日本の古時計/京都時計

#04 京都時計1
形式 金四ツ丸ダルマ
年代 明治27年(1894)製造
製造 京都時計製造株式会社
文字盤 9インチ
サイズ 高さ:46cm,28cm(w),12cm(d)
材質
その他 時打ち、

刻印「27□39」は、明治27年の製造番号?39
中央の □のマークは、社名などの変更に伴い異なる

#04 京都時計2
形式 八角花ボタン
年代 明治25年(1892)、初期製造
製造 京都時計製造株式会社
文字盤 10インチ
サイズ 高さ:54cm
材質
その他 時打ち、

 明治24年製造開始するも当初は修理部のみで、実際に時計製造にとりかかったのは明治25年からである。

刻印「25☆14」は、明治25年の製造番号?No.14
中央に星印の刻印があり、後期にはマークが異なる。

#04 京都時計3
形式 金四ツ丸ダルマ
年代 明治27年(1894)製造
製造 京都時計製造株式会社
文字盤 9インチ
サイズ 高さ:46cm,28cm(w),12cm(d)
材質
その他 時打ち、

 時計の裏側には、商標が貼られ、滋賀県の某寺院所有であったことが筆で書かれている。

明治28年(1895)の英文カタログ。
中央には「第3回内国博覧会」の有功二等章のメダルが印刷されている。

 [京都時計製造会社]

  京都時計製造会社は明治24年(1891)、京都市下京区麩屋町通竹屋町下ルに、資本金2万円、代表は名古屋出身の大沢善助、役員他4名、職工長 横山柏、従業員87名程で、当時としては珍しく早くから電力5馬力の機械1台を備えた工場として開業するが、当初は修復業務を主として時計製造はまだしていない。

 明治25年(1892)製造体勢を整え時計製造を開始するが、生産能力が上がらず苦心の日々がつづき良品が出来上がらなかった。大沢善助は先進の名古屋から多数の時計熟練工を京都に導入して時計製造をすることになり、その後しだいに製造能力が上がり軌道にのる。しかし、当時は5馬力の機械1台では製造数量は多くなく、明治26年に資本金10万円を増資し堤弥兵衛の個人会社となる。
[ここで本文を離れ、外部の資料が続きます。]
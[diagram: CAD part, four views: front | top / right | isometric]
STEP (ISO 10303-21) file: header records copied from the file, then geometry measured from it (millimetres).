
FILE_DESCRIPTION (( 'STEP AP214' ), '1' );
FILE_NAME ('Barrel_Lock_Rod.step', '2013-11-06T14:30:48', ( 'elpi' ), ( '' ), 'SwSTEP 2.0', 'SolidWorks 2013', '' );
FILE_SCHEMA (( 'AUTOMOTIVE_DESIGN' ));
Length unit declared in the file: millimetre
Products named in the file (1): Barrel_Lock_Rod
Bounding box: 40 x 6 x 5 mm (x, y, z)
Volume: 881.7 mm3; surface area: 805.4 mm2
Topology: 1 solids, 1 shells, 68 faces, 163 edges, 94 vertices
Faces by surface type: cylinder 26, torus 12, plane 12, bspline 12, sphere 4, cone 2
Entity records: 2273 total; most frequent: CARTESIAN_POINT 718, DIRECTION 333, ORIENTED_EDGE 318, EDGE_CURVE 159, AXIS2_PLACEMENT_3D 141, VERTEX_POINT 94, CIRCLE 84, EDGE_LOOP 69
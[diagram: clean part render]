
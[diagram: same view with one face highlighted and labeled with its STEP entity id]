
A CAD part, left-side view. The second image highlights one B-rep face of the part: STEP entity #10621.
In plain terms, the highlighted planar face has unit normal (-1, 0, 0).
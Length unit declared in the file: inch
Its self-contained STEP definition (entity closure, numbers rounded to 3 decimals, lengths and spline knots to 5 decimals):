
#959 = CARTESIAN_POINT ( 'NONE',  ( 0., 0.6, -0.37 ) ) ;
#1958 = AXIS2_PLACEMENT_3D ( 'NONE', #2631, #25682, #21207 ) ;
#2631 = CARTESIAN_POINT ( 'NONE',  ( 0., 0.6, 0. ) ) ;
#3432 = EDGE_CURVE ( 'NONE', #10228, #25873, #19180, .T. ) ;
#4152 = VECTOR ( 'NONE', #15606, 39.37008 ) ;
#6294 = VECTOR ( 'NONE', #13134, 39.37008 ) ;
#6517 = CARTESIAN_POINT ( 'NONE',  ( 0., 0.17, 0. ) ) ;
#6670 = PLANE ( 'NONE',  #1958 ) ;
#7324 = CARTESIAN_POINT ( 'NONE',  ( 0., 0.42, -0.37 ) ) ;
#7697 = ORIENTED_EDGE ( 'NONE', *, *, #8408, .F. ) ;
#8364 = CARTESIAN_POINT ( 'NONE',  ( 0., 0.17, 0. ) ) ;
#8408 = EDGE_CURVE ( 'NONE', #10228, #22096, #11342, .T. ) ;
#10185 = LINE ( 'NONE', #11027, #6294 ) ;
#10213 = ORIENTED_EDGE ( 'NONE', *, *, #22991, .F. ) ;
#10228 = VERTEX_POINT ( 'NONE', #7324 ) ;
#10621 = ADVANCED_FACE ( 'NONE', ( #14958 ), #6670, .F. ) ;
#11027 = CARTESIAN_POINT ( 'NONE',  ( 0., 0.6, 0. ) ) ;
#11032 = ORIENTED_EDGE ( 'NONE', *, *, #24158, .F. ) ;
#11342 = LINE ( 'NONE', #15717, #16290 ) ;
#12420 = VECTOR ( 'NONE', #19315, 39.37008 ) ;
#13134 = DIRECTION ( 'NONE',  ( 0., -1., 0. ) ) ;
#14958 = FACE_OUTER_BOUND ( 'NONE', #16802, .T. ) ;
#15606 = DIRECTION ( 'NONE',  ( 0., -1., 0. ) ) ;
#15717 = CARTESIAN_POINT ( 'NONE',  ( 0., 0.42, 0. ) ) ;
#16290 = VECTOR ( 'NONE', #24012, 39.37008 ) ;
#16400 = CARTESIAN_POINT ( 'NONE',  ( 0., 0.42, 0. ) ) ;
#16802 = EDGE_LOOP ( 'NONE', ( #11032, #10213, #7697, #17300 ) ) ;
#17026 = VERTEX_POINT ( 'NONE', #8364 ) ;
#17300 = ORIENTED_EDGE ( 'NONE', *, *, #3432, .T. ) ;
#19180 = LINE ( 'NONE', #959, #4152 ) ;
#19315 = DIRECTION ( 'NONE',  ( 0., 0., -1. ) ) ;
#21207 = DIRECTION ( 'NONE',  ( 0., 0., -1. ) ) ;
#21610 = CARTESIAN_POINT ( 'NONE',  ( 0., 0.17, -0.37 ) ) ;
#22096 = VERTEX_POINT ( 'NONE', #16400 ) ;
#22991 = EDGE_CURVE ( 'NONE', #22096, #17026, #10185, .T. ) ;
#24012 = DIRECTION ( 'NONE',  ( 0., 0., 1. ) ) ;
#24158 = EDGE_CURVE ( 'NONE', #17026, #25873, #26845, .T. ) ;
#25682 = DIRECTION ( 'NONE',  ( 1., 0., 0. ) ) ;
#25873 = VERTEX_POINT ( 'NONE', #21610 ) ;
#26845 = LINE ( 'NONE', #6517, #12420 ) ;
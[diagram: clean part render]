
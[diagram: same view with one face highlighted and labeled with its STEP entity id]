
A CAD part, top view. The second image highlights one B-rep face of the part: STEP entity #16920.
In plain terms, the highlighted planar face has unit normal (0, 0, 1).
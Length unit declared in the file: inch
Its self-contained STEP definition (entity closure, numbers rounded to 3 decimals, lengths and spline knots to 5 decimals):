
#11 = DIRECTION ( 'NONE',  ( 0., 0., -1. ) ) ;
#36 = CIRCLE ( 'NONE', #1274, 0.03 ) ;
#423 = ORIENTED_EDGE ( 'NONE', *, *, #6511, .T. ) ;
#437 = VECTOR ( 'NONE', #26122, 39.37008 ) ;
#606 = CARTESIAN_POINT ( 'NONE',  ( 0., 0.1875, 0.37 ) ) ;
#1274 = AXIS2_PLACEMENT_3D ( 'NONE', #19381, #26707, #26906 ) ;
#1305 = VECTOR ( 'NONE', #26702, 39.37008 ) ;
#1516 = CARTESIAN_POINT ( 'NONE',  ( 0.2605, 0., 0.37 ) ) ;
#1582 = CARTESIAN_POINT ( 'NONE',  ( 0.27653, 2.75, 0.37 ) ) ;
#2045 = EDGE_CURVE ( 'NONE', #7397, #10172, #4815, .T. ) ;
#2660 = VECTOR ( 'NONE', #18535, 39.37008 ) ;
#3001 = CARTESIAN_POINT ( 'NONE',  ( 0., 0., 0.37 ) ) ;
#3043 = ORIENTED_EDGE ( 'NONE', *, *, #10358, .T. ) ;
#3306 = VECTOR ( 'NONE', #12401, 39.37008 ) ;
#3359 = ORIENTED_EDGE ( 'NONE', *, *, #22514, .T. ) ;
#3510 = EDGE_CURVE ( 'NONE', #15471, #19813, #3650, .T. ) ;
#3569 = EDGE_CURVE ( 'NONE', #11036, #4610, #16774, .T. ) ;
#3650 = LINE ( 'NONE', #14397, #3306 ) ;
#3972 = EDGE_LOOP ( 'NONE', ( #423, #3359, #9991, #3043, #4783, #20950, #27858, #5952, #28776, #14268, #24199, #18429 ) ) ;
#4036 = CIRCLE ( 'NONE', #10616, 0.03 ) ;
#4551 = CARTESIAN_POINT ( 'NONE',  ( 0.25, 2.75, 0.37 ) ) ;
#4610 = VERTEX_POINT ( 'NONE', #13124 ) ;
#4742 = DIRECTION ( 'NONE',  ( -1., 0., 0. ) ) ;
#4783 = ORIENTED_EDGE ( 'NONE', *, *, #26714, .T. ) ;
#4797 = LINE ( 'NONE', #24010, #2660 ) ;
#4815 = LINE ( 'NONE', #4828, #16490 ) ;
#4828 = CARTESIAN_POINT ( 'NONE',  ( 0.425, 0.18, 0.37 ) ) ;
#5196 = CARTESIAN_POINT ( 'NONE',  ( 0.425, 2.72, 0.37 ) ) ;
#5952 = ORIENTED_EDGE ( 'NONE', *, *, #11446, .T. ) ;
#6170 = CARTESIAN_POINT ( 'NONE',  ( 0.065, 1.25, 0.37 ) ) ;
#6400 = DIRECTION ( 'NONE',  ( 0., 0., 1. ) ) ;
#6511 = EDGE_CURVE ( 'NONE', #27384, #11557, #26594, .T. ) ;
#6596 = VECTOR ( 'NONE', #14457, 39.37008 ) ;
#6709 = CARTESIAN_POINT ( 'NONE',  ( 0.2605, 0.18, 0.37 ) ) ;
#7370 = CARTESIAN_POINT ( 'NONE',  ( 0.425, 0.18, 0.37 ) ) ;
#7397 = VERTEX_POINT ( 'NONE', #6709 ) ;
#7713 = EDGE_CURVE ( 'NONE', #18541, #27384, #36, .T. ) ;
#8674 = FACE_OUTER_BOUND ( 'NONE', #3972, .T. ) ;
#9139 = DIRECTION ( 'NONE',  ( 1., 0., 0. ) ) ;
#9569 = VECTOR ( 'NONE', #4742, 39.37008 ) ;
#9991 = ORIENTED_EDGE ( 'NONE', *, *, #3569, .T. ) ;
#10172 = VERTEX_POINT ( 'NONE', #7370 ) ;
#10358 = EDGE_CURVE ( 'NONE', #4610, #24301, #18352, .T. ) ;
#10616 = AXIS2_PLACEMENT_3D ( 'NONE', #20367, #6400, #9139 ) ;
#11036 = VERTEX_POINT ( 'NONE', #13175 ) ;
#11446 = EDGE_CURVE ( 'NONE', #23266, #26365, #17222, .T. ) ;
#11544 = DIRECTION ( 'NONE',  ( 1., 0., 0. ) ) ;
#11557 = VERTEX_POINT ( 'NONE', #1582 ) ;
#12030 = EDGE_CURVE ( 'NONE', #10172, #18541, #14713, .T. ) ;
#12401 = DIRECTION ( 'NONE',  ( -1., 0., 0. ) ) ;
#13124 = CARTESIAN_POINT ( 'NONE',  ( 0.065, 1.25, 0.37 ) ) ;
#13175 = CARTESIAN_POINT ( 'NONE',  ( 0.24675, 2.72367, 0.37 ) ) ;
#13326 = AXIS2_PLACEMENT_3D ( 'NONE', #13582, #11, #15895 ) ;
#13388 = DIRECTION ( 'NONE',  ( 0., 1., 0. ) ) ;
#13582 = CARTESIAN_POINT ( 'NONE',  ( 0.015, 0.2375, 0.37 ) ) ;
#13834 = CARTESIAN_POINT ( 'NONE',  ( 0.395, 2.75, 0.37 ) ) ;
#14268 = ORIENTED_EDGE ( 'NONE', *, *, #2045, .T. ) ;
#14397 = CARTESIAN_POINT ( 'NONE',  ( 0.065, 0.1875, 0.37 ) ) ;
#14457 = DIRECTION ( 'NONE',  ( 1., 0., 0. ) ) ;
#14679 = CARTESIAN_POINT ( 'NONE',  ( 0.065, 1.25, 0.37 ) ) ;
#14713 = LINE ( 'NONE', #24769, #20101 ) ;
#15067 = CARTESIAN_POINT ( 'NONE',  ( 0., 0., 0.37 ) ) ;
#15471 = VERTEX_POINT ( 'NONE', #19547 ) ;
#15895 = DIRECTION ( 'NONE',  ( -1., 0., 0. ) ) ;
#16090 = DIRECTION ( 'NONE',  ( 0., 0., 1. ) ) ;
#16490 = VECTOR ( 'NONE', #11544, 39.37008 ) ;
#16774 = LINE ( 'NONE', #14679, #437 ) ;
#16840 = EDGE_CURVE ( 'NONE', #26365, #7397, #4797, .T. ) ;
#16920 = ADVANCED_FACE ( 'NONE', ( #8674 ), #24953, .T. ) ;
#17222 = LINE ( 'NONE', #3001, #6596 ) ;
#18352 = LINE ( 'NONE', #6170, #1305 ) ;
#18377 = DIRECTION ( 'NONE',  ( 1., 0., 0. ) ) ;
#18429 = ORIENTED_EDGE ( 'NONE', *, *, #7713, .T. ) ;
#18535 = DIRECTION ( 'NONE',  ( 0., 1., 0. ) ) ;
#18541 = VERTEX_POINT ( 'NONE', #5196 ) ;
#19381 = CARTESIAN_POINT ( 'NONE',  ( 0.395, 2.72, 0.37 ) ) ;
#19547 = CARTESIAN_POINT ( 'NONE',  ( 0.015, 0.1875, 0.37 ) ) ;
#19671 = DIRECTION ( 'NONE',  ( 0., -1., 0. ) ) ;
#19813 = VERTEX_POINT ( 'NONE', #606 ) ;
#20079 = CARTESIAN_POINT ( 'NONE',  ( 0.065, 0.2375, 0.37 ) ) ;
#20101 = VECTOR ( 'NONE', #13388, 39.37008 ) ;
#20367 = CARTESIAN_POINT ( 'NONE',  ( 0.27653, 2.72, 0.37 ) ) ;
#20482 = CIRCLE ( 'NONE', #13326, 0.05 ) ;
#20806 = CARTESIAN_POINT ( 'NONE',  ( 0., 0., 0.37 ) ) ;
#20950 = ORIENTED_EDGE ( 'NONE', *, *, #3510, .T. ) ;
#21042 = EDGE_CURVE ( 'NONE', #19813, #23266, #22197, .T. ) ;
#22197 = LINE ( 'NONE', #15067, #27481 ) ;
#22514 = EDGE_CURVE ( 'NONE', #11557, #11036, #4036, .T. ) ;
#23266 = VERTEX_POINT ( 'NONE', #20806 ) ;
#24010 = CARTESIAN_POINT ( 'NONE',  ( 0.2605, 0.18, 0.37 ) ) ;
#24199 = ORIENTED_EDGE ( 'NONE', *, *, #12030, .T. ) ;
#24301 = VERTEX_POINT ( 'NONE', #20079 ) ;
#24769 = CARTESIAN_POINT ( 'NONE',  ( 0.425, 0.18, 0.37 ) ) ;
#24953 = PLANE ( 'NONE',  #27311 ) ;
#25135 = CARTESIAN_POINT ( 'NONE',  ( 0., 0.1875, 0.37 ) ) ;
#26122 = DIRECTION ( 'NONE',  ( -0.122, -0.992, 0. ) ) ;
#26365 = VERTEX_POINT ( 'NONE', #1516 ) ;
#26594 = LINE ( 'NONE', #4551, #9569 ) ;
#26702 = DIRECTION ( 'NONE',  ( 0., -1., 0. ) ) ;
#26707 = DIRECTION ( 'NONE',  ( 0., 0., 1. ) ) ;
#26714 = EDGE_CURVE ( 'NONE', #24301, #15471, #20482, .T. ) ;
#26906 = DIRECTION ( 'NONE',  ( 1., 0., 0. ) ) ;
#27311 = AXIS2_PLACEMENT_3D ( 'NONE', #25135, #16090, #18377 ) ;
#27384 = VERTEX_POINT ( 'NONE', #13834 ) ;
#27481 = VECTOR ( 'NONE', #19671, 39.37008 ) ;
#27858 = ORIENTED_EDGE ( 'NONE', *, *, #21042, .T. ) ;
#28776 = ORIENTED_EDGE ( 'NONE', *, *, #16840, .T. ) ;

 明治27年(1894)には3台の機械を導入し製造数も上り、京都時計製造会社が名実ともに時計製造会社となり知名度も上る事となる。

 明治28年(1895)国内から当時の清国(中国)に輸出を開始すると、同時に京都で開催された第4回内国勧業博覧会の正門に大時計を設置し時計30点を出品、有功二等章を受ける。

 明治29年12月7日、木工部の火の始末による出火により工場を消失し時計の製造はきなくなるが、当時としては珍しく火災保険に加入しており、9万円もの保証金を入手して再製造に着手する。

 しかしながら時計製造はかんばしくなく、明治33年(1900)に京都時計製造株式会社を解散、名古屋に移転し、製造を計画することになるが、尾張時計製造会社との合併が実らず清算することになる。

 明治34年(1901)堤弥兵衛は再び京都時計製造所を京都市聖護院町に移転、従業員数30名程度にて時計製造を開始する。

 この時の動力は電力8.5馬力であり機械も2台と工場の能力としては大きく、製造数も年間に14,400台も製造した。

 明治36年(1903)京都市上京区二条川端東入三丁目に移転し、掛時計・置時計を、清国、朝鮮、ロシア、シンガポール、インドと巾広く輸出するも経営はうまくいかず製造を中止する。

 京都時計製造会は社名や工場を数多く変えたり移転をくり返した会社で、最盛期は明治28年であり、資本金20万円、株主110名、従業員数245名と京都府第12回勧業統計報告に記されている。

 当時の時計会社の中でいち早く電力を動力として時計製造に着手した堤弥兵衛なる人物は先見性を持ち備えた経営者であった。

[京都時計製造会社年表]
参考文献:京都府勧業統計報告書
明治23年(1890)10月 設立 京都の時計商、村田英次郎、家辺徳之助らが中心計画をたてる。
明治24年(1891) 資本金2万円(合資会社)
役員5名、従業員数87名、電力5馬力
明治26年(1893) 社名:京都時計製造株式会社
資本金10万円、株主60名、従業員数208名、
明治27年(1894) 資本金20万円、従業員数225名、電力15馬力
明治28年頃が再大規模となり生産高もピークとなる。
明治29年(1896) 工場より出火するも、保険金にて再開する。
明治32年(1899) 資本金10万円に縮小する。